Für dieses kluge Regiekonzept wurde Bastian Kraft am 14. Mai 2018 der Friedrich-Luft-Preis überreicht, ein von der „Berliner Morgenpost“ seit 1992 vergebener Theaterpreis. Angenehm konkret sind die Dialoge, anregend subtil ist die Inszenierung. „Tod eines Handlungsreisenden“ von Arthur Miller gewinnt durch Kraft eine gegenwärtige Brisanz. Der Zeitgeist, der das Stück in seinem Entstehungsjahr 1949 umgab, ist auch im Jahr 2018 zu spüren. Wenn Happy und Biff Loman hitzig darüber diskutieren, worin eigentlich der Sinn ihres Daseins bestünde, warum sie Dinge tun, die sie eigentlich nicht tun wollen, weil verlangt wird, dass sie es tun. Perfekter Business-Karriere-Plan für den Lifestyle in der Metropole statt Farm und Vieh auf dem Land. Was davon macht glücklich?

Für Willy Loman ist Glück gekoppelt an soziales Ansehen. Das verschafft er sich mit einem in seinen Augen höchst anerkanntem Beruf. Der bringt Geld, Geld Macht und Möglichkeiten. Man brauche also nur tüchtig zu arbeiten, um seines eigenen Glückes Schmied zu sein.
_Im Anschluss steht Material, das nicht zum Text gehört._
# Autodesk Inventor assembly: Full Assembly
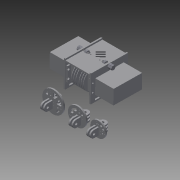
[picture p0: Inventor's stored thumbnail of the model, 180x180]
Saved by Autodesk Inventor 2014 SP1 (Build 180222100, 222)
## iProperties
Created: 2014-03-20
Part Number: Full Assembly
Document SubType Name: Assembly
Designer: ehagerup
Author: ehagerup
## Documents named in this file (5)
- C:\Users\ehagerup\SkyDrive\Documents\Mechanical Sketches\Animatronic Tail V4\Full Assembly.iam
- C:\Users\ehagerup\SkyDrive\Documents\Mechanical Sketches\Animatronic Tail V4\Assembly.iam
- C:\Users\ehagerup\SkyDrive\Documents\Mechanical Sketches\Animatronic Tail V4\Segment_Med_Ass.iam
- C:\Users\ehagerup\SkyDrive\Documents\Mechanical Sketches\Animatronic Tail V4\Segment_Small_Ass.iam
- C:\Users\ehagerup\SkyDrive\Documents\Mechanical Sketches\Animatronic Tail V4\Motor Assembly.iam
## Components (4 placed, 4 different names)
1. Assembly:1 [sub-assembly] — Flush:2, Flush:4
2. Segment_Med_Ass:1 [sub-assembly] — Flush:1, Flush:2, Flush:3, Flush:4
3. Segment_Small_Ass:1 [sub-assembly] — Flush:1, Flush:3
4. Motor Assembly:1 [sub-assembly]
## Relationships (4: Flush 4)
- Flush:1: Segment_Med_Ass:1 ↔ Segment_Small_Ass:1
- Flush:2: Assembly:1 ↔ Segment_Med_Ass:1
- Flush:3: Segment_Med_Ass:1 ↔ Segment_Small_Ass:1
- Flush:4: Assembly:1 ↔ Segment_Med_Ass:1

Es ist die Idee des amerikanischen Traums. Für Willy Loman endet sein obsessives Streben jedoch tödlich. In Krafts Inszenierung steht sein Tod am Beginn. Schwarz gekleidet versammeln sich Willys Hinterbliebene um das kahle Möbilar, versuchen zu verstehen, was ihn in den Selbstmord getrieben hat. Ein Vorausblick auf den Rückblick.

Bastian Kraft gelingt mit psychologischer Genauigkeit eine feinfühlige Schauspielführung, mit wenigen, aber konsequent durchdachten visuellen Mitteln ein Theaterabend, der mit purer Ernsthaftigkeit ein ernüchterndes wie mitleidendes Gefühl für diese eigentlich fiktiven, aber doch so greifbar-realistischen Figuren heraufbeschwört.